After collecting over 1500 samples from more than 100 children from the nasopharyngeal regions of vaccinated and unvaccinated Gambian infants, Brenda came to The Genome Institute to sequence the samples on next generation sequencers. With the help of the institute’s high throughput sequencing and analysis skills, Brenda and colleagues were able to characterize what types of bacteria colonize the nasopharyngeal regions and the effects of vaccination on the make-up of those bacteria.

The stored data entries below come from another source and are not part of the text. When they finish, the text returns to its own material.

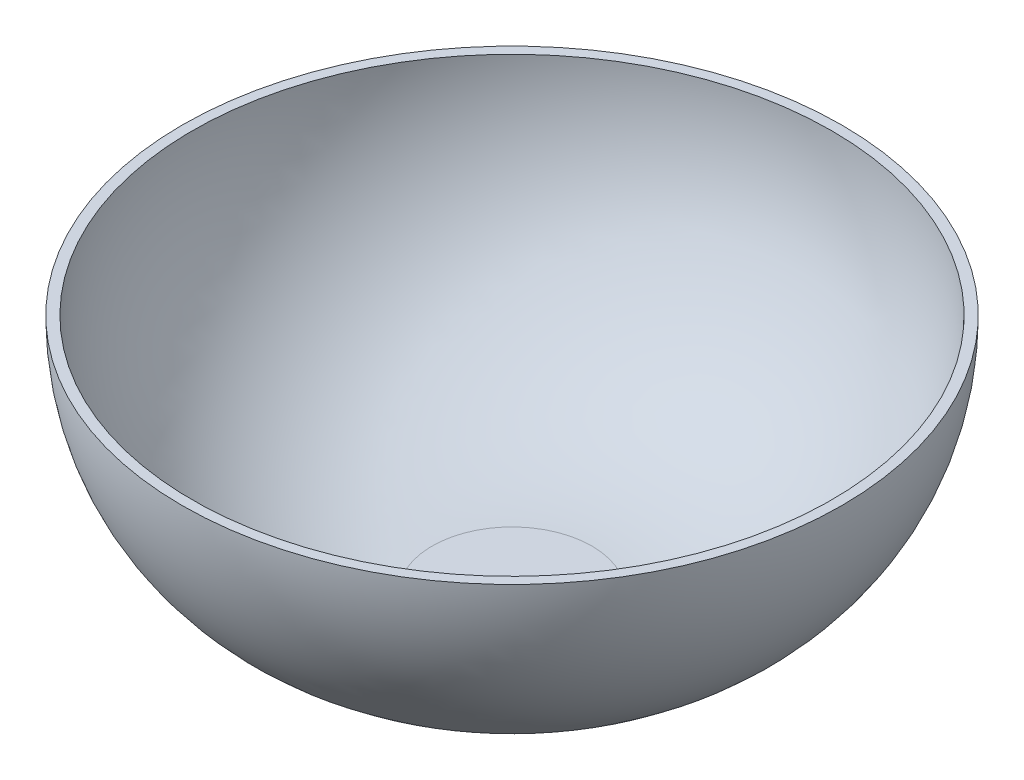
from build123d import *

# Parameters (mm, degrees)
SKETCH2_R          = 6.35
CUT_EXTRUDE1_DEPTH = 4.826


with BuildPart() as part:
    # Sketch1 → Revolve1 (revolve)
    with BuildSketch(Plane.XY):
        with BuildLine():
            Line((209.55, 158.75), (203.2, 158.75))
            ThreePointArc((203.2, 158.75), (158.563073453, 50.986926547), (50.8, 6.35))
            Line((50.8, 6.35), (0, 6.35))
            Line((0, 6.35), (0, 0))
            Line((0, 0), (50.8, 0))
            ThreePointArc((50.8, 0), (163.053201513, 46.496798487), (209.55, 158.75))
        make_face()
    revolve(axis=Axis((0, 0, 0), (0, 1, 0)))

    # Sketch2 → Cut-Extrude1 (cut)
    with BuildSketch(Plane.XZ):
        Circle(SKETCH2_R)
    extrude(amount=-CUT_EXTRUDE1_DEPTH, mode=Mode.SUBTRACT)


solid = part.part
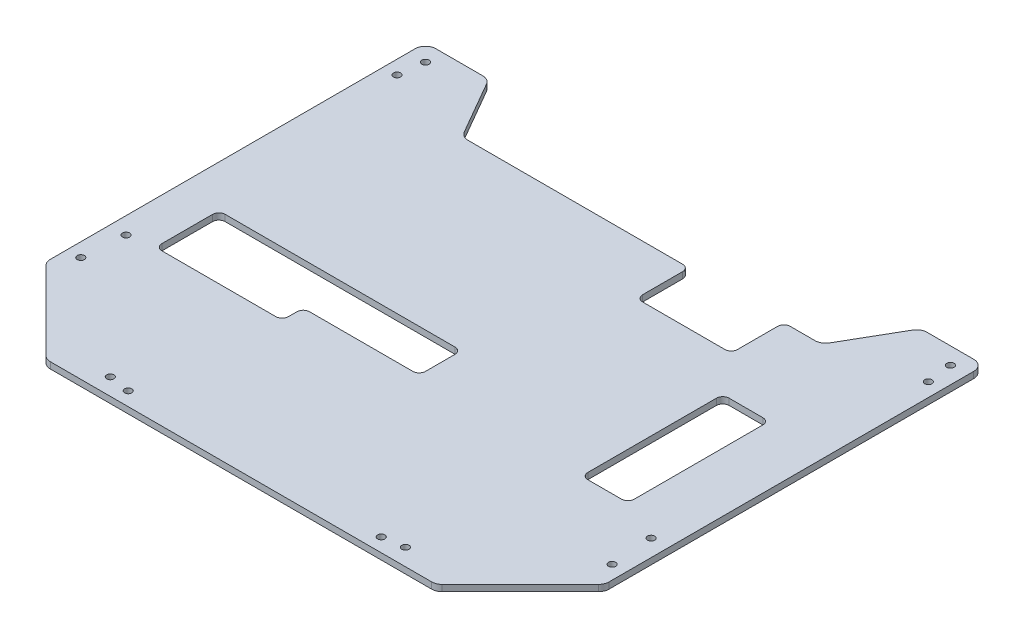
from build123d import *

# Parameters (mm, degrees)
BOSS_EXTRU_1_DEPTH      = 3
CONG_1_R                = 5
ESQUISSE2_R             = 1
ESQUISSE2_R_2           = 1.5
ENL_V_MAT_EXTRU_1_DEPTH = 257.837010573
D_GAGEMENT_M31_D        = 3.4
ESQUISSE5_W             = 45
ESQUISSE5_H             = 25
ESQUISSE5_W_2           = 22
ESQUISSE5_H_2           = 67
ENL_V_MAT_EXTRU_2_DEPTH = 257.837010573
CONG_2_R                = 3


with BuildPart() as part:
    # Esquisse1 → Boss.-Extru.1 (new body)
    with BuildSketch(Plane(origin=(0, 0, 0), x_dir=(1, 0, 0), z_dir=(0, 1, 0))):
        Polygon((-92.5, 0), (92.5, 0), (132.5, 40), (132.5, 220), (102.5, 220), (85.179491924, 190), (-85.179491924, 190), (-102.5, 220), (-132.5, 220), (-132.5, 40), align=None)
    extrude(amount=BOSS_EXTRU_1_DEPTH)

    # Congé1
    cong_1_edges = [part.edges().sort_by_distance(p)[0] for p in [
        (132.5, 1.5, -220),
        (102.5, 1.5, -220),
        (85.179491924, 1.5, -190),
        (-85.179491924, 1.5, -190),
        (-102.5, 1.5, -220),
        (-132.5, 1.5, -220),
        (-132.5, 1.5, -40),
        (-92.5, 1.5, 0),
        (92.5, 1.5, 0),
        (132.5, 1.5, -40),
    ]]
    fillet(cong_1_edges, radius=CONG_1_R)

    # Esquisse2 → Enlèv. mat.-Extru.1 (cut, through all)
    with BuildSketch(Plane.XZ):
        with Locations((-70, -8)):
            Circle(ESQUISSE2_R)
        with Locations((-124.5, -70)):
            Circle(ESQUISSE2_R)
        with Locations((-124.5, -212)):
            Circle(ESQUISSE2_R)
        with Locations((124.5, -212)):
            Circle(ESQUISSE2_R)
        with Locations((124.5, -70)):
            Circle(ESQUISSE2_R)
        with Locations((70, -8)):
            Circle(ESQUISSE2_R)
        with Locations((126, -50)):
            Circle(ESQUISSE2_R_2)
        with Locations((126, -200)):
            Circle(ESQUISSE2_R_2)
        with Locations((-60, -6.5)):
            Circle(ESQUISSE2_R_2)
        with Locations((60, -6.5)):
            Circle(ESQUISSE2_R_2)
        with Locations((-126, -50)):
            Circle(ESQUISSE2_R_2)
        with Locations((-126, -200)):
            Circle(ESQUISSE2_R_2)
    extrude(amount=-ENL_V_MAT_EXTRU_1_DEPTH, mode=Mode.SUBTRACT)

    # Dégagement M31 (through all)
    with Locations(Plane(origin=(0, 0, 0), x_dir=(-1, 0, 0), z_dir=(0, -1, 0))):
        with Locations((-70, 8), (-124.5, 70), (-124.5, 212), (124.5, 212), (124.5, 70), (70, 8), (-126, 200), (-126, 50), (-60, 6.5), (60, 6.5), (126, 200), (126, 50)):
            Hole(D_GAGEMENT_M31_D / 2)

    # Esquisse5 → Enlèv. mat.-Extru.2 (cut, through all)
    with BuildSketch(Plane.XZ):
        with Locations((45, -177.5)):
            Rectangle(ESQUISSE5_W, ESQUISSE5_H)
        Polygon((-112.5, -82), (-112.5, -72), (-52.5, -72), (-52.5, -82), (2.5, -82), (2.5, -102), (-112.5, -102), align=None)
        with Locations((93.5, -112.5)):
            Rectangle(ESQUISSE5_W_2, ESQUISSE5_H_2)
    extrude(amount=-ENL_V_MAT_EXTRU_2_DEPTH, mode=Mode.SUBTRACT)

    # Congé2
    cong_2_edges = [part.edges().sort_by_distance(p)[0] for p in [
        (67.5, 1.5, -190),
        (67.5, 1.5, -165),
        (22.5, 1.5, -165),
        (22.5, 1.5, -190),
        (104.5, 1.5, -146),
        (82.5, 1.5, -146),
        (82.5, 1.5, -79),
        (104.5, 1.5, -79),
        (2.5, 1.5, -82),
        (2.5, 1.5, -102),
        (-112.5, 1.5, -102),
        (-52.5, 1.5, -72),
        (-52.5, 1.5, -82),
        (-112.5, 1.5, -72),
    ]]
    fillet(cong_2_edges, radius=CONG_2_R)


solid = part.part
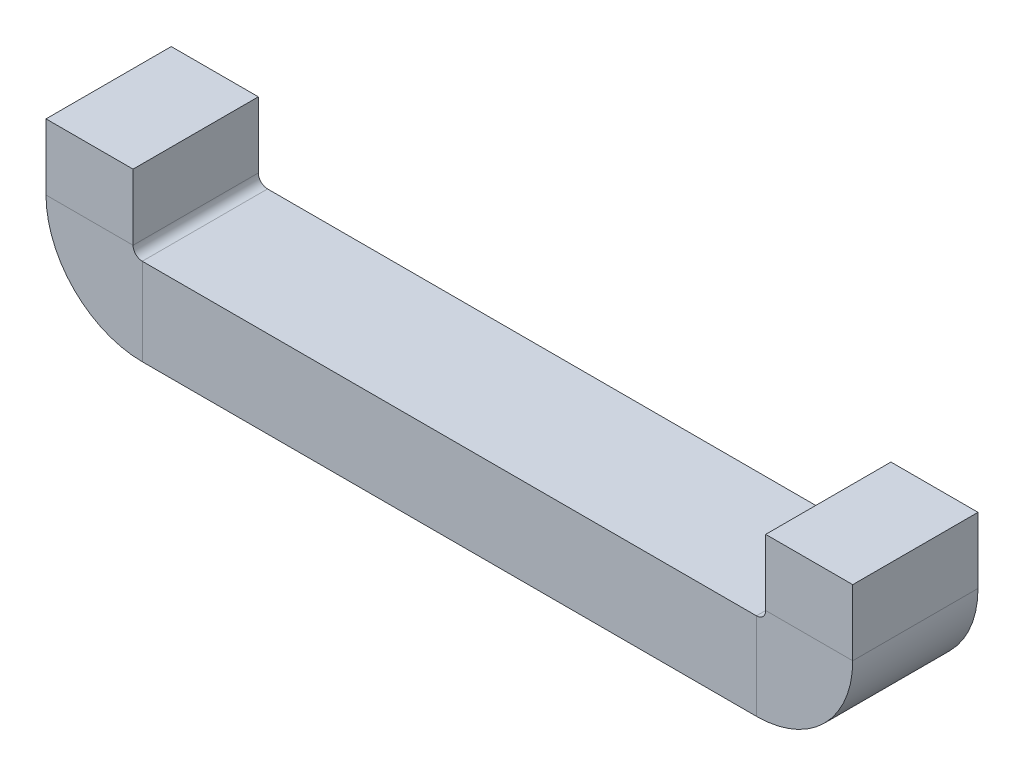
from build123d import *

# Parameters (mm, degrees)
SKETCH_2_W                         = 50.5
SKETCH_2_H                         = 10
SM_BASE_FLANGE_1_DEPTH             = 6.95
SM_EDGE_FLANGE_1_STRIP_W           = 29.2732
SM_EDGE_FLANGE_1_STRIP_H           = 6.95
SM_EDGE_FLANGE_1_STRIP_CUT_DEPTH   = 10
SM_EDGE_FLANGE_1_STRIP_2_W         = 29.2732
SM_EDGE_FLANGE_1_STRIP_2_H         = 6.95
SM_EDGE_FLANGE_1_STRIP_CUT_2_DEPTH = 10
SM_EDGE_FLANGE_1_DEPTH             = 10
SM_EDGE_FLANGE_1_BEND_DEPTH        = 10


# Sheet-metal steps are written as plain solids
with BuildPart() as part:
    # Эскиз2 → Базовая кромка1 (new body)
    with BuildSketch(Plane(origin=(0, 0, 0), x_dir=(1, 0, 0), z_dir=(0, 1, 0))):
        Rectangle(SKETCH_2_W, SKETCH_2_H)
    extrude(amount=-SM_BASE_FLANGE_1_DEPTH)

    # Ребро-кромка1 strip (across the edge) → Ребро-кромка1 strip cut (cut)
    with BuildSketch(Plane(origin=(-25.25, 0, -5), x_dir=(1, 0, 0), z_dir=(0, 0, 1))):
        with Locations((-13.9, -3.475)):
            Rectangle(SM_EDGE_FLANGE_1_STRIP_W, SM_EDGE_FLANGE_1_STRIP_H)
    extrude(amount=SM_EDGE_FLANGE_1_STRIP_CUT_DEPTH, mode=Mode.SUBTRACT)

    # Ребро-кромка1 strip 2 (across the edge) → Ребро-кромка1 strip cut 2 (cut)
    with BuildSketch(Plane(origin=(25.25, 0, 5), x_dir=(-1, 0, 0), z_dir=(0, 0, -1))):
        with Locations((-13.9, -3.475)):
            Rectangle(SM_EDGE_FLANGE_1_STRIP_2_W, SM_EDGE_FLANGE_1_STRIP_2_H)
    extrude(amount=SM_EDGE_FLANGE_1_STRIP_CUT_2_DEPTH, mode=Mode.SUBTRACT)

    # Ребро-кромка1 section (across the edge) → Ребро-кромка1 (add)
    with BuildSketch(Plane(origin=(-25.25, 0, -5), x_dir=(1, 0, 0), z_dir=(0, 0, 1))):
        with BuildLine():
            Line((-6.95, 0.7366), (-6.95, 6))
            Line((-6.95, 6), (0, 6))
            Line((0, 6), (0, 0.7366))
            ThreePointArc((0, 0.7366), (0.215745145, 0.215745145), (0.7366, 0))
            Line((0.7366, 0), (0.7366, -6.95))
            ThreePointArc((0.7366, -6.95), (-4.698646984, -4.698646984), (-6.95, 0.7366))
        make_face()
    extrude(amount=SM_EDGE_FLANGE_1_DEPTH)

    # Ребро-кромка1 section 2 (across the edge) → Ребро-кромка1 bend (add)
    with BuildSketch(Plane(origin=(25.25, 0, 5), x_dir=(-1, 0, 0), z_dir=(0, 0, -1))):
        with BuildLine():
            Line((-6.95, 0.7366), (-6.95, 6))
            Line((-6.95, 6), (0, 6))
            Line((0, 6), (0, 0.7366))
            ThreePointArc((0, 0.7366), (0.215745145, 0.215745145), (0.7366, 0))
            Line((0.7366, 0), (0.7366, -6.95))
            ThreePointArc((0.7366, -6.95), (-4.698646984, -4.698646984), (-6.95, 0.7366))
        make_face()
    extrude(amount=SM_EDGE_FLANGE_1_BEND_DEPTH)


solid = part.part

This work will have important implications for pneumococcus vaccine research by providing new targets and determining the long-term effects of vaccination. The research is also providing valuable skills to young researchers like Tiffany and Brenda who hope to continue clinical research in countries such as the Gambia. “Part of this project is to train other scientists and help them figure out how to bring what they’ve learned back to their country so they can apply it at a local level,” says Dr. Weinstock. Over time, he hopes this kind of research will help implement genomic-based tools for use by clinicians and public health officials around the world.